* [Instructions for the task] Reproduce the records precisely. Omit every picture.

(Stored items)
----------------

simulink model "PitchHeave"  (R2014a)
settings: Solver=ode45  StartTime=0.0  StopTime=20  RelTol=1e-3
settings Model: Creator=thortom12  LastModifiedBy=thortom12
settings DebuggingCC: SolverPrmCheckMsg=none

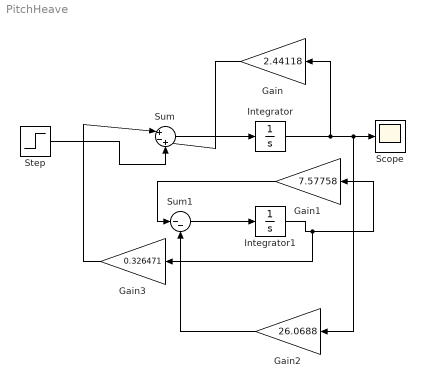
== system PitchHeave ==
  Gain : Gain  Gain=2.44118
  Gain1 : Gain  Gain=7.57758
  Gain2 : Gain  Gain=26.0688
  Gain3 : Gain  Gain=0.326471
  Integrator : Integrator
  Integrator1 : Integrator
  Scope : Scope
  Step : Step  SampleTime=0
  Sum : Sum  Inputs=|+-+
  Sum1 : Sum  Inputs=|--
  wires:
  Gain/1 -> Sum/2
  Sum/1 -> Integrator/1
  Integrator/1 -> Gain/1, Gain2/1, Scope/1
  Sum1/1 -> Integrator1/1
  Integrator1/1 -> Gain3/1, Gain1/1
  Gain1/1 -> Sum1/1
  Gain2/1 -> Sum1/2
  Gain3/1 -> Sum/1
  Step/1 -> Sum/3

----------------

* [Task output]
simulink model "PitchHeave"  (R2014a)
settings: Solver=ode45  StartTime=0.0  StopTime=20  RelTol=1e-3
settings Model: Creator=thortom12  LastModifiedBy=thortom12
settings DebuggingCC: SolverPrmCheckMsg=none

== system PitchHeave ==
  Gain : Gain  Gain=2.44118
  Gain1 : Gain  Gain=7.57758
  Gain2 : Gain  Gain=26.0688
  Gain3 : Gain  Gain=0.326471
  Integrator : Integrator
  Integrator1 : Integrator
  Scope : Scope
  Step : Step  SampleTime=0
  Sum : Sum  Inputs=|+-+
  Sum1 : Sum  Inputs=|--
  wires:
  Gain/1 -> Sum/2
  Sum/1 -> Integrator/1
  Integrator/1 -> Gain/1, Gain2/1, Scope/1
  Sum1/1 -> Integrator1/1
  Integrator1/1 -> Gain3/1, Gain1/1
  Gain1/1 -> Sum1/1
  Gain2/1 -> Sum1/2
  Gain3/1 -> Sum/1
  Step/1 -> Sum/3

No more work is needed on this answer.